He took the eye back and pocketed it. “Well, Watson, let us rouse him from whatever dreams he is indulging in and get him into the proper hands. This time he shall pay the penalty for espionage.”

  Two months later we were back in England. We travelled by water, despite the danger of U-boats, since Holmes had sworn never again to get into an aircraft of any type. He was in a bad humour throughout the voyage. He was certain that Greystoke, even if he recovered his memory, would not send the promised cheques.

  He turned the glass eye over to Mycroft, who sent it on to his superiors. That was the last we ever heard of it, and since the SB was never used, I surmise that the War Office decided that it would be too horrible a weapon. I was happy about this, since it just did not seem British to wage germ warfare. I have often wondered, though, what would have happened if Von Bork’s mission had been successful. Would the Kaiser have countenanced SB as a weapon against his English cousins?

  There were still three years of war to get through.
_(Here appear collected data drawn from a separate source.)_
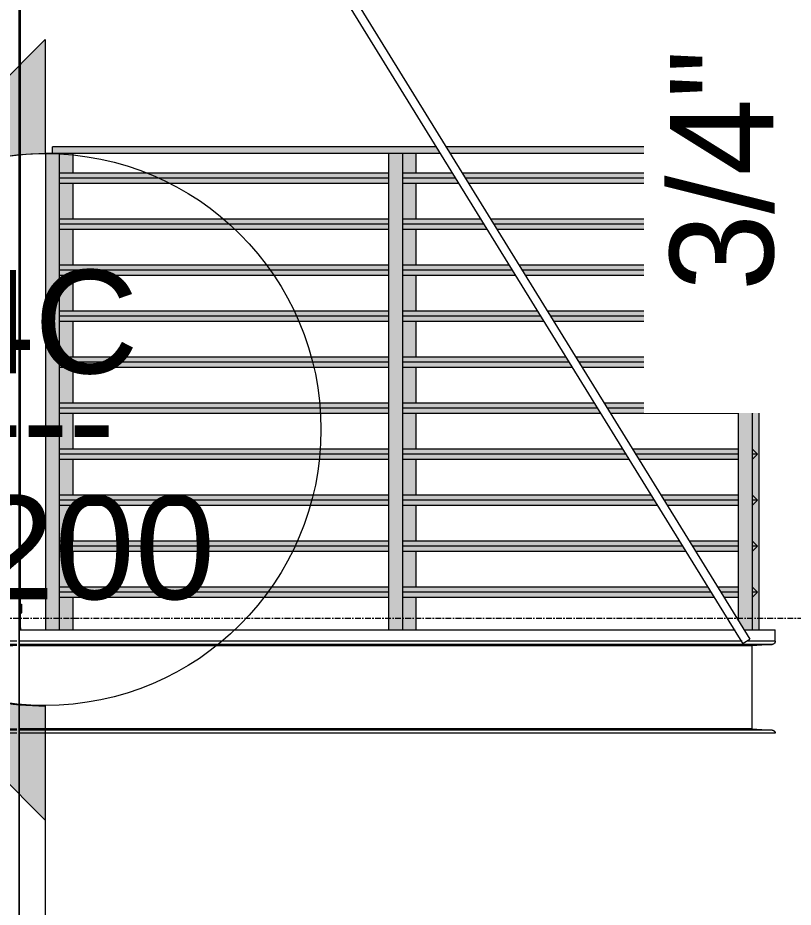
# Model space of a CAD drawing. Header units: inches. Extents: x 9661 to 15313, y -314 to 660.
# Drawn here: x 12117.9 to 12185.4, y 110.9 to 188.2 of the extents above; entities that cross this region are included whole.
import ezdxf

# ---------------------------------------------------------------- set-up
doc = ezdxf.new("R2010")
doc.units = ezdxf.units.IN
doc.header["$MEASUREMENT"] = 0
doc.linetypes.add('Grid Line 1_2_', pattern=[0.875, 0.5, -0.125, 0.125, -0.125])
for name, color, linetype, lineweight in [('A-ANNO-DIMS-1', 211, 'Continuous', 30), ('A-DETL-GENF-1', 55, 'Continuous', 9), ('A-DOOR-5', 55, 'Continuous', 9), ('A-DOOR-FRAM-5', 55, 'Continuous', 9), ('A-FLOR-1', 55, 'Continuous', 9), ('A-FLOR-HRAL-1', 55, 'Continuous', 9), ('A-FLOR-HRAL-2', 7, 'Continuous', 9), ('A-FLOR-HRAL-3', 71, 'Continuous', 9), ('A-FLOR-LEVL-1', 51, 'Grid Line 1_2_', 9), ('A-GLAZ-1', 55, 'Continuous', 9), ('A-GLAZ-2', 151, 'Continuous', 9), ('A-GLAZ-3', 45, 'Continuous', 9), ('A-WALL-5', 55, 'Continuous', 9), ('G-ANNO-SYMB', 111, 'Continuous', 9), ('S-BEAM-3', 55, 'Continuous', 9)]:
    doc.layers.add(name, color=color, linetype=linetype, lineweight=lineweight)
doc.styles.add('Arial', font='arial.ttf', dxfattribs={"height": 9})
doc.styles.add('Century Gothic', font='ufonts.com_century-gothic.ttf', dxfattribs={"height": 9})
doc.dimstyles.new('OD__1_16__Tol___1', dxfattribs={"dimscale": 12, "dimtxt": 9.397514, "dimasz": 1, "dimexe": 0.75, "dimexo": 0.5, "dimgap": 0.125, "dimtad": 1, "dimdec": 4, "dimrnd": 0.0625, "dimzin": 3, "dimdsep": 46, "dimlunit": 4, "dimtxsty": 'Century Gothic', "dimblk1": 'OBLIQUE', "dimblk2": 'OBLIQUE', "dimsah": 1, "dimcen": 0.09, "dimdle": 0.75, "dimazin": 0, "dimtfac": 1, "dimtdec": 4, "dimtix": 1, "dimtmove": 1, "dimatfit": 3, "dimfxl": 1, "dimtvp": 1, "dimtfill": 1, "dimfrac": 2, "dimtolj": 1, "dimtzin": 0, "dimlwd": 30, "dimlwe": 30, "dimarcsym": 2})

# ---------------------------------------------------------------- blocks, each defined once
blk = doc.blocks.new('Door-Sliding-Marvin-2_Panel_Patio_Door-Essential - MARVIN ESSENTIAL SLIDING - 6_-0_X6_-10_ - 2ND FLOOR-V5-BUILDING SECTION - EAST_WEST - COURTYARD - LOOKING NORTH')
at = {"layer": 'A-DETL-GENF-1'}
for p, q in [((12118.089, 137.234), (12118.265, 137.234)), ((12118.265, 137.234), (12118.265, 136.482)), ((12118.265, 136.482), (12118.089, 136.335)), ((12118.183, 135.172), (12118.089, 135.175)), ((12118.183, 135.172), (12118.183, 135))]:
    blk.add_line(p, q, dxfattribs=at)
at = {"layer": 'A-DOOR-FRAM-5'}
blk.add_line((12118.183, 135), (12118.183, 216.5), dxfattribs=at)
blk = doc.blocks.new('Perforated Panel at Magic-Pak - hvac panel - 2nd floor 2-2702972-BUILDING SECTION - EAST_WEST - COURTYARD - LOOKING NORTH')
at = {"layer": 'A-GLAZ-3'}
h = blk.add_hatch(dxfattribs=at)
h.set_pattern_fill('FP_2', color=256, style=0, pattern_type=2)
h.set_pattern_definition([(135, (11008.554, 72), (-4.24264, -4.24264), [])])
h.paths.add_polyline_path([(12118.089, 109.25), (12118.089, 226.5), (12118.027, 226.5), (12118.027, 109.25)], flags=0)
at = {"layer": 'A-GLAZ-2'}
for p, q in [((12118.027, 226.5), (12118.027, 109.25)), ((12118.089, 109.25), (12118.089, 226.5))]:
    blk.add_line(p, q, dxfattribs=at)
blk = doc.blocks.new('Railing - Baluster_01-2700443-BUILDING SECTION - EAST_WEST - COURTYARD - LOOKING NORTH')
at = {"layer": 'A-FLOR-HRAL-3'}
h = blk.add_hatch(color=256, dxfattribs=at)
h.paths.add_polyline_path([(12151.395, 267), (12152.577, 267), (12152.577, 269.803), (12151.395, 269.803)], flags=0)
h.paths.add_polyline_path([(12151.395, 270.75), (12152.577, 270.75), (12152.577, 273.803), (12151.395, 273.803)], flags=0)
h.paths.add_polyline_path([(12152.577, 274.75), (12152.577, 277.803), (12151.395, 277.803), (12151.395, 274.75)], flags=0)
h.paths.add_polyline_path([(12151.395, 278.75), (12152.577, 278.75), (12152.577, 281.803), (12151.395, 281.803)], flags=0)
h.paths.add_polyline_path([(12151.395, 282.75), (12152.577, 282.75), (12152.577, 285.803), (12151.395, 285.803), (12151.395, 282.871)], flags=0)
h.paths.add_polyline_path([(12152.577, 286.75), (12152.577, 289.803), (12151.395, 289.803), (12151.395, 286.75)], flags=0)
h.paths.add_polyline_path([(12151.395, 290.75), (12152.577, 290.75), (12152.577, 293.803), (12151.395, 293.803)], flags=0)
h.paths.add_polyline_path([(12151.395, 294.75), (12152.577, 294.75), (12152.577, 297.803), (12151.395, 297.803)], flags=0)
h.paths.add_polyline_path([(12152.577, 298.75), (12152.577, 301.803), (12151.395, 301.803), (12151.395, 298.75)], flags=0)
h.paths.add_polyline_path([(12151.395, 302.75), (12152.577, 302.75), (12152.577, 305.803), (12151.395, 305.803), (12151.395, 305.061)], flags=0)
h.paths.add_polyline_path([(12151.395, 306.75), (12152.577, 306.75), (12152.577, 308.405), (12151.395, 308.405)], flags=0)
at = {"layer": 'A-FLOR-HRAL-1'}
for p, q in [((12152.577, 308.405), (12152.577, 306.75)), ((12152.577, 305.803), (12152.577, 302.75)), ((12152.577, 301.803), (12152.577, 298.75)), ((12152.577, 297.803), (12152.577, 294.75)), ((12152.577, 293.803), (12152.577, 290.75)), ((12152.577, 289.803), (12152.577, 286.75)), ((12152.577, 285.803), (12152.577, 282.75)), ((12152.577, 281.803), (12152.577, 278.75)), ((12152.577, 277.803), (12152.577, 274.75)), ((12152.577, 273.803), (12152.577, 270.75)), ((12152.577, 269.803), (12152.577, 267))]:
    blk.add_line(p, q, dxfattribs=at)
blk = doc.blocks.new('Railing - Baluster_01-V95-BUILDING SECTION - EAST_WEST - COURTYARD - LOOKING NORTH')
at = {"layer": 'A-FLOR-HRAL-3'}
blk.add_hatch(color=256, dxfattribs=at).paths.add_polyline_path([(12181.839, 267), (12182.43, 267), (12182.43, 308.405), (12181.839, 308.405), (12181.839, 306.75), (12182.313, 306.277), (12181.839, 305.803), (12181.839, 302.75), (12182.313, 302.277), (12181.839, 301.803), (12181.839, 298.75), (12182.313, 298.277), (12181.839, 297.803), (12181.839, 294.75), (12182.313, 294.277), (12181.839, 293.803), (12181.839, 290.75), (12182.313, 290.277), (12181.839, 289.803), (12181.839, 286.75), (12182.313, 286.277), (12181.839, 285.803), (12181.839, 282.75), (12182.313, 282.277), (12181.839, 281.803), (12181.839, 278.75), (12182.313, 278.277), (12181.839, 277.803), (12181.839, 274.75), (12182.313, 274.277), (12181.839, 273.803), (12181.839, 270.75), (12182.313, 270.277), (12181.839, 269.803)], flags=0)
at = {"layer": 'A-FLOR-HRAL-1'}
blk.add_line((12182.43, 267), (12182.43, 308.405), dxfattribs=at)
blk = doc.blocks.new('Railing - Baluster_01-V96-BUILDING SECTION - EAST_WEST - COURTYARD - LOOKING NORTH')
at = {"layer": 'A-FLOR-HRAL-3'}
blk.add_hatch(color=256, dxfattribs=at).paths.add_polyline_path([(12151.395, 267), (12151.395, 308.405), (12150.214, 308.405), (12150.214, 267)], flags=0)
at = {"layer": 'A-FLOR-HRAL-1'}
for p, q in [((12150.214, 267), (12150.214, 308.405)), ((12151.395, 308.405), (12151.395, 267))]:
    blk.add_line(p, q, dxfattribs=at)
blk = doc.blocks.new('Railing - Baluster_01-V97-BUILDING SECTION - EAST_WEST - COURTYARD - LOOKING NORTH')
at = {"layer": 'A-FLOR-HRAL-3'}
blk.add_hatch(color=256, dxfattribs=at).paths.add_polyline_path([(12181.839, 267), (12181.839, 308.405), (12180.658, 308.405), (12180.658, 267.818), (12181.19, 267), (12181.668, 267)], flags=0)
at = {"layer": 'A-FLOR-HRAL-1'}
for p, q in [((12180.658, 267.818), (12180.658, 308.405)), ((12181.839, 308.405), (12181.839, 267))]:
    blk.add_line(p, q, dxfattribs=at)
blk = doc.blocks.new('Railing - Baluster_01-V98-BUILDING SECTION - EAST_WEST - COURTYARD - LOOKING NORTH')
at = {"layer": 'A-FLOR-HRAL-3'}
blk.add_hatch(color=256, dxfattribs=at).paths.add_polyline_path([(12121.542, 267), (12121.542, 308.405), (12120.361, 308.405), (12120.361, 267)], flags=0)
at = {"layer": 'A-FLOR-HRAL-1'}
for p, q in [((12120.361, 267), (12120.361, 308.405)), ((12120.952, 308.405), (12120.361, 308.405)), ((12121.542, 308.405), (12121.542, 267))]:
    blk.add_line(p, q, dxfattribs=at)
blk = doc.blocks.new('Railing - Railing-3286869-BUILDING SECTION - EAST_WEST - COURTYARD - LOOKING NORTH')
at = {"layer": 'A-FLOR-HRAL-2'}
h = blk.add_hatch(color=256, dxfattribs=at)
h.paths.add_polyline_path([(12181.839, 176.528), (12184.202, 176.528), (12184.138, 176.764), (12183.965, 176.937), (12183.729, 177), (12155.246, 176.962), (12155.515, 176.528), (12181.249, 176.528)], flags=0)
h.paths.add_polyline_path([(12120.952, 176.528), (12154.633, 176.528), (12154.342, 177), (12120.952, 176.984), (12120.952, 176.65)], flags=0)
h = blk.add_hatch(color=256, dxfattribs=at)
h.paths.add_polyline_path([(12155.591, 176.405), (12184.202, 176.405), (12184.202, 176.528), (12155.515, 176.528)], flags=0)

I found lodgings for my wife and myself, and, despite the terrible conditions, the air raids, the food and material shortages, the dismaying reports from the front, we managed to be happy. In 1917 Nylepthah did what none of my previous wives had ever done. She presented me with a son. I was delirious with joy, even though I had to endure much joshing from my colleagues about fatherhood at my age. I did not inform Holmes of the baby. I dreaded his sarcastic remarks.

  On November 11, 1919, however, a year after the news that turned the entire Allied world into a carnival of’ happiness, though a brief one, I received a wire.

  “Bringing a bottle and cigars to celebrate the good tidings. Holmes.”

  I naturally assumed that he referred to the anniversary of the Armistice. My surprise was indeed great when he showed up not only with the bottle of Scotch and a box of Havanas but a bundle of new clothes and toys for the baby and a box of chocolates for Nylepthah. The latter was a rarity at this time and must have cost Holmes some time and money to obtain.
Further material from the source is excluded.